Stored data

+++

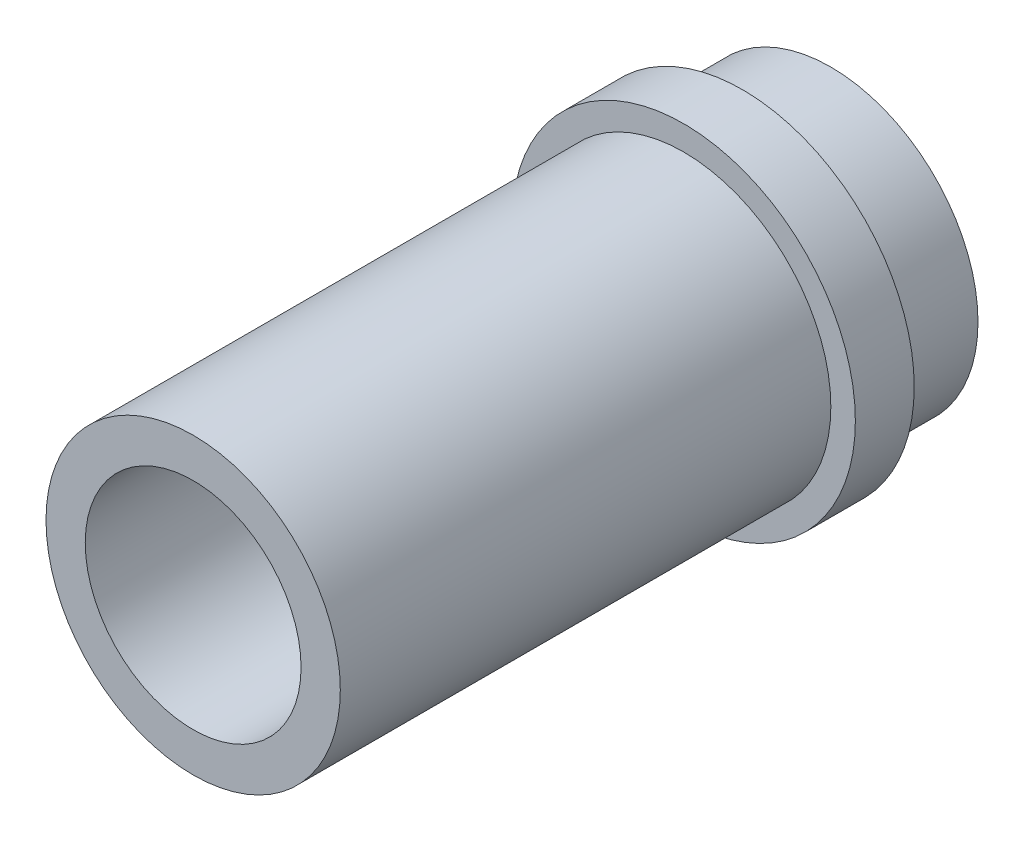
ISO-10303-21;
HEADER;
FILE_DESCRIPTION(('STEP AP214'),'2;1');
FILE_NAME('part.step','',(''),(''),'','','');
FILE_SCHEMA(('AUTOMOTIVE_DESIGN { 1 0 10303 214 1 1 1 1 }'));
ENDSEC;
DATA;
#1=APPLICATION_CONTEXT('core data for automotive mechanical design processes');
#2=APPLICATION_PROTOCOL_DEFINITION('international standard','automotive_design',2000,#1);
#3=PRODUCT_CONTEXT('',#1,'mechanical');
#4=PRODUCT('Part','Part','',(#3));
#5=PRODUCT_RELATED_PRODUCT_CATEGORY('part','',(#4));
#6=PRODUCT_DEFINITION_FORMATION('','',#4);
#7=PRODUCT_DEFINITION_CONTEXT('part definition',#1,'design');
#8=PRODUCT_DEFINITION('design','',#6,#7);
#9=PRODUCT_DEFINITION_SHAPE('','',#8);
#10=(LENGTH_UNIT() NAMED_UNIT(*) SI_UNIT(.MILLI.,.METRE.));
#11=(NAMED_UNIT(*) PLANE_ANGLE_UNIT() SI_UNIT($,.RADIAN.));
#12=(NAMED_UNIT(*) SI_UNIT($,.STERADIAN.) SOLID_ANGLE_UNIT());
#13=UNCERTAINTY_MEASURE_WITH_UNIT(LENGTH_MEASURE(1.E-05),#10,'distance_accuracy_value','');
#14=(GEOMETRIC_REPRESENTATION_CONTEXT(3) GLOBAL_UNCERTAINTY_ASSIGNED_CONTEXT((#13)) GLOBAL_UNIT_ASSIGNED_CONTEXT((#10,
#11,#12)) REPRESENTATION_CONTEXT('',''));
#15=CARTESIAN_POINT('',(0.,0.,0.));
#16=DIRECTION('',(0.,0.,1.));
#17=DIRECTION('',(1.,0.,0.));
#18=AXIS2_PLACEMENT_3D('',#15,#16,#17);
#19=CARTESIAN_POINT('',(-170.,124.,0.));
#20=DIRECTION('',(0.,0.,-1.));
#21=DIRECTION('',(-1.,0.,0.));
#22=AXIS2_PLACEMENT_3D('',#19,#20,#21);
#23=PLANE('',#22);
#24=CARTESIAN_POINT('',(-170.,124.,0.));
#25=DIRECTION('',(0.,0.,-1.));
#26=DIRECTION('',(-1.,0.,0.));
#27=AXIS2_PLACEMENT_3D('',#24,#25,#26);
#28=CIRCLE('',#27,15.);
#29=CARTESIAN_POINT('',(-185.,124.,0.));
#30=VERTEX_POINT('',#29);
#31=EDGE_CURVE('E10',#30,#30,#28,.T.);
#32=ORIENTED_EDGE('',*,*,#31,.F.);
#33=EDGE_LOOP('',(#32));
#34=FACE_BOUND('',#33,.T.);
#35=CARTESIAN_POINT('',(-170.,124.,0.));
#36=DIRECTION('',(0.,0.,-1.));
#37=DIRECTION('',(-1.,0.,0.));
#38=AXIS2_PLACEMENT_3D('',#35,#36,#37);
#39=CIRCLE('',#38,11.);
#40=CARTESIAN_POINT('',(-181.,124.,0.));
#41=VERTEX_POINT('',#40);
#42=EDGE_CURVE('E17',#41,#41,#39,.F.);
#43=ORIENTED_EDGE('',*,*,#42,.F.);
#44=EDGE_LOOP('',(#43));
#45=FACE_BOUND('',#44,.T.);
#46=ADVANCED_FACE('F14',(#34,#45),#23,.F.);
#47=CARTESIAN_POINT('',(-170.,124.,-4.));
#48=DIRECTION('',(0.,0.,-1.));
#49=DIRECTION('',(-1.,0.,0.));
#50=AXIS2_PLACEMENT_3D('',#47,#48,#49);
#51=CYLINDRICAL_SURFACE('',#50,15.);
#52=ORIENTED_EDGE('',*,*,#31,.T.);
#53=EDGE_LOOP('',(#52));
#54=FACE_BOUND('',#53,.T.);
#55=CARTESIAN_POINT('',(-170.,124.,-50.));
#56=DIRECTION('',(0.,0.,-1.));
#57=DIRECTION('',(-1.,0.,0.));
#58=AXIS2_PLACEMENT_3D('',#55,#56,#57);
#59=CIRCLE('',#58,15.);
#60=CARTESIAN_POINT('',(-185.,124.,-50.));
#61=VERTEX_POINT('',#60);
#62=EDGE_CURVE('E21',#61,#61,#59,.T.);
#63=ORIENTED_EDGE('',*,*,#62,.F.);
#64=EDGE_LOOP('',(#63));
#65=FACE_BOUND('',#64,.T.);
#66=ADVANCED_FACE('F64',(#54,#65),#51,.T.);
#67=CARTESIAN_POINT('',(-170.,124.,-50.));
#68=DIRECTION('',(0.,0.,-1.));
#69=DIRECTION('',(-1.,0.,0.));
#70=AXIS2_PLACEMENT_3D('',#67,#68,#69);
#71=PLANE('',#70);
#72=CARTESIAN_POINT('',(-170.,124.,-50.));
#73=DIRECTION('',(0.,0.,-1.));
#74=DIRECTION('',(1.,0.,0.));
#75=AXIS2_PLACEMENT_3D('',#72,#73,#74);
#76=CIRCLE('',#75,17.5);
#77=CARTESIAN_POINT('',(-152.5,124.,-50.));
#78=VERTEX_POINT('',#77);
#79=EDGE_CURVE('E39',#78,#78,#76,.T.);
#80=ORIENTED_EDGE('',*,*,#79,.F.);
#81=EDGE_LOOP('',(#80));
#82=FACE_BOUND('',#81,.T.);
#83=ORIENTED_EDGE('',*,*,#62,.T.);
#84=EDGE_LOOP('',(#83));
#85=FACE_BOUND('',#84,.T.);
#86=ADVANCED_FACE('F69',(#82,#85),#71,.F.);
#87=CARTESIAN_POINT('',(-170.,124.,-65.));
#88=DIRECTION('',(0.,0.,1.));
#89=DIRECTION('',(1.,0.,0.));
#90=AXIS2_PLACEMENT_3D('',#87,#88,#89);
#91=CYLINDRICAL_SURFACE('',#90,15.);
#92=CARTESIAN_POINT('',(-170.,124.,-65.));
#93=DIRECTION('',(0.,0.,-1.));
#94=DIRECTION('',(-1.,0.,0.));
#95=AXIS2_PLACEMENT_3D('',#92,#93,#94);
#96=CIRCLE('',#95,15.);
#97=CARTESIAN_POINT('',(-185.,124.,-65.));
#98=VERTEX_POINT('',#97);
#99=EDGE_CURVE('E25',#98,#98,#96,.T.);
#100=ORIENTED_EDGE('',*,*,#99,.F.);
#101=EDGE_LOOP('',(#100));
#102=FACE_BOUND('',#101,.T.);
#103=CARTESIAN_POINT('',(-170.,124.,-56.));
#104=DIRECTION('',(0.,0.,-1.));
#105=DIRECTION('',(-1.,0.,0.));
#106=AXIS2_PLACEMENT_3D('',#103,#104,#105);
#107=CIRCLE('',#106,15.);
#108=CARTESIAN_POINT('',(-185.,124.,-56.));
#109=VERTEX_POINT('',#108);
#110=EDGE_CURVE('E33',#109,#109,#107,.T.);
#111=ORIENTED_EDGE('',*,*,#110,.T.);
#112=EDGE_LOOP('',(#111));
#113=FACE_BOUND('',#112,.T.);
#114=ADVANCED_FACE('F90',(#102,#113),#91,.T.);
#115=CARTESIAN_POINT('',(-170.,124.,-65.));
#116=DIRECTION('',(0.,0.,-1.));
#117=DIRECTION('',(-1.,0.,0.));
#118=AXIS2_PLACEMENT_3D('',#115,#116,#117);
#119=PLANE('',#118);
#120=CARTESIAN_POINT('',(-170.,124.,-65.));
#121=DIRECTION('',(0.,0.,-1.));
#122=DIRECTION('',(-1.,0.,0.));
#123=AXIS2_PLACEMENT_3D('',#120,#121,#122);
#124=CIRCLE('',#123,9.12435565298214);
#125=CARTESIAN_POINT('',(-179.124355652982,124.,-65.));
#126=VERTEX_POINT('',#125);
#127=EDGE_CURVE('E28',#126,#126,#124,.T.);
#128=ORIENTED_EDGE('',*,*,#127,.F.);
#129=EDGE_LOOP('',(#128));
#130=FACE_BOUND('',#129,.T.);
#131=ORIENTED_EDGE('',*,*,#99,.T.);
#132=EDGE_LOOP('',(#131));
#133=FACE_BOUND('',#132,.T.);
#134=ADVANCED_FACE('F87',(#130,#133),#119,.T.);
#135=CARTESIAN_POINT('',(-170.,124.,-56.));
#136=DIRECTION('',(0.,0.,-1.));
#137=DIRECTION('',(-1.,0.,0.));
#138=AXIS2_PLACEMENT_3D('',#135,#136,#137);
#139=PLANE('',#138);
#140=CARTESIAN_POINT('',(-170.,124.,-56.));
#141=DIRECTION('',(0.,0.,-1.));
#142=DIRECTION('',(1.,0.,0.));
#143=AXIS2_PLACEMENT_3D('',#140,#141,#142);
#144=CIRCLE('',#143,17.5);
#145=CARTESIAN_POINT('',(-152.5,124.,-56.));
#146=VERTEX_POINT('',#145);
#147=EDGE_CURVE('E36',#146,#146,#144,.T.);
#148=ORIENTED_EDGE('',*,*,#147,.T.);
#149=EDGE_LOOP('',(#148));
#150=FACE_BOUND('',#149,.T.);
#151=ORIENTED_EDGE('',*,*,#110,.F.);
#152=EDGE_LOOP('',(#151));
#153=FACE_BOUND('',#152,.T.);
#154=ADVANCED_FACE('F80',(#150,#153),#139,.T.);
#155=CARTESIAN_POINT('',(-170.,124.,-56.));
#156=DIRECTION('',(0.,0.,1.));
#157=DIRECTION('',(1.,0.,0.));
#158=AXIS2_PLACEMENT_3D('',#155,#156,#157);
#159=CYLINDRICAL_SURFACE('',#158,17.5);
#160=ORIENTED_EDGE('',*,*,#147,.F.);
#161=EDGE_LOOP('',(#160));
#162=FACE_BOUND('',#161,.T.);
#163=ORIENTED_EDGE('',*,*,#79,.T.);
#164=EDGE_LOOP('',(#163));
#165=FACE_BOUND('',#164,.T.);
#166=ADVANCED_FACE('F75',(#162,#165),#159,.T.);
#167=CARTESIAN_POINT('',(-170.,124.,-45.6));
#168=DIRECTION('',(0.,0.,1.));
#169=DIRECTION('',(1.,0.,0.));
#170=AXIS2_PLACEMENT_3D('',#167,#168,#169);
#171=CYLINDRICAL_SURFACE('',#170,11.);
#172=CARTESIAN_POINT('',(-170.,124.,-38.6));
#173=DIRECTION('',(0.,0.,-1.));
#174=DIRECTION('',(-1.,0.,0.));
#175=AXIS2_PLACEMENT_3D('',#172,#173,#174);
#176=CIRCLE('',#175,11.);
#177=CARTESIAN_POINT('',(-181.,124.,-38.6));
#178=VERTEX_POINT('',#177);
#179=EDGE_CURVE('E30',#178,#178,#176,.F.);
#180=ORIENTED_EDGE('',*,*,#179,.F.);
#181=EDGE_LOOP('',(#180));
#182=FACE_BOUND('',#181,.T.);
#183=ORIENTED_EDGE('',*,*,#42,.T.);
#184=EDGE_LOOP('',(#183));
#185=FACE_BOUND('',#184,.T.);
#186=ADVANCED_FACE('F59',(#182,#185),#171,.F.);
#187=CARTESIAN_POINT('',(-170.,124.,-45.6));
#188=DIRECTION('',(0.,0.,1.));
#189=DIRECTION('',(1.,0.,0.));
#190=AXIS2_PLACEMENT_3D('',#187,#188,#189);
#191=CONICAL_SURFACE('',#190,9.12435565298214,0.26179938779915);
#192=ORIENTED_EDGE('',*,*,#179,.T.);
#193=EDGE_LOOP('',(#192));
#194=FACE_BOUND('',#193,.T.);
#195=CARTESIAN_POINT('',(-170.,124.,-45.6));
#196=DIRECTION('',(0.,0.,-1.));
#197=DIRECTION('',(-1.,0.,0.));
#198=AXIS2_PLACEMENT_3D('',#195,#196,#197);
#199=CIRCLE('',#198,9.12435565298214);
#200=CARTESIAN_POINT('',(-179.124355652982,124.,-45.6));
#201=VERTEX_POINT('',#200);
#202=EDGE_CURVE('E31',#201,#201,#199,.T.);
#203=ORIENTED_EDGE('',*,*,#202,.T.);
#204=EDGE_LOOP('',(#203));
#205=FACE_BOUND('',#204,.T.);
#206=ADVANCED_FACE('F49',(#194,#205),#191,.F.);
#207=CARTESIAN_POINT('',(-170.,124.,-45.6));
#208=DIRECTION('',(0.,0.,-1.));
#209=DIRECTION('',(-1.,0.,0.));
#210=AXIS2_PLACEMENT_3D('',#207,#208,#209);
#211=CYLINDRICAL_SURFACE('',#210,9.12435565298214);
#212=ORIENTED_EDGE('',*,*,#127,.T.);
#213=EDGE_LOOP('',(#212));
#214=FACE_BOUND('',#213,.T.);
#215=ORIENTED_EDGE('',*,*,#202,.F.);
#216=EDGE_LOOP('',(#215));
#217=FACE_BOUND('',#216,.T.);
#218=ADVANCED_FACE('F51',(#214,#217),#211,.F.);
#219=CLOSED_SHELL('',(#46,#66,#86,#114,#134,#154,#166,#186,#206,#218));
#220=MANIFOLD_SOLID_BREP('B1',#219);
#221=ADVANCED_BREP_SHAPE_REPRESENTATION('',(#18,#220),#14);
#222=SHAPE_DEFINITION_REPRESENTATION(#9,#221);
ENDSEC;
END-ISO-10303-21;

+++

_YOUR GOAL:_
Using the records above, set down exactly the lines from the one with "#31=EDGE_CURVE('E10',#30,#30,#28,.T.);" through the one with "#66=ADVANCED_FACE('F64',(#54,#65),#51,.T.);", inclusive, and nothing more.

_EXERCISE RESPONSE:_
#31=EDGE_CURVE('E10',#30,#30,#28,.T.);
#32=ORIENTED_EDGE('',*,*,#31,.F.);
#33=EDGE_LOOP('',(#32));
#34=FACE_BOUND('',#33,.T.);
#35=CARTESIAN_POINT('',(-170.,124.,0.));
#36=DIRECTION('',(0.,0.,-1.));
#37=DIRECTION('',(-1.,0.,0.));
#38=AXIS2_PLACEMENT_3D('',#35,#36,#37);
#39=CIRCLE('',#38,11.);
#40=CARTESIAN_POINT('',(-181.,124.,0.));
#41=VERTEX_POINT('',#40);
#42=EDGE_CURVE('E17',#41,#41,#39,.F.);
#43=ORIENTED_EDGE('',*,*,#42,.F.);
#44=EDGE_LOOP('',(#43));
#45=FACE_BOUND('',#44,.T.);
#46=ADVANCED_FACE('F14',(#34,#45),#23,.F.);
#47=CARTESIAN_POINT('',(-170.,124.,-4.));
#48=DIRECTION('',(0.,0.,-1.));
#49=DIRECTION('',(-1.,0.,0.));
#50=AXIS2_PLACEMENT_3D('',#47,#48,#49);
#51=CYLINDRICAL_SURFACE('',#50,15.);
#52=ORIENTED_EDGE('',*,*,#31,.T.);
#53=EDGE_LOOP('',(#52));
#54=FACE_BOUND('',#53,.T.);
#55=CARTESIAN_POINT('',(-170.,124.,-50.));
#56=DIRECTION('',(0.,0.,-1.));
#57=DIRECTION('',(-1.,0.,0.));
#58=AXIS2_PLACEMENT_3D('',#55,#56,#57);
#59=CIRCLE('',#58,15.);
#60=CARTESIAN_POINT('',(-185.,124.,-50.));
#61=VERTEX_POINT('',#60);
#62=EDGE_CURVE('E21',#61,#61,#59,.T.);
#63=ORIENTED_EDGE('',*,*,#62,.F.);
#64=EDGE_LOOP('',(#63));
#65=FACE_BOUND('',#64,.T.);
#66=ADVANCED_FACE('F64',(#54,#65),#51,.T.);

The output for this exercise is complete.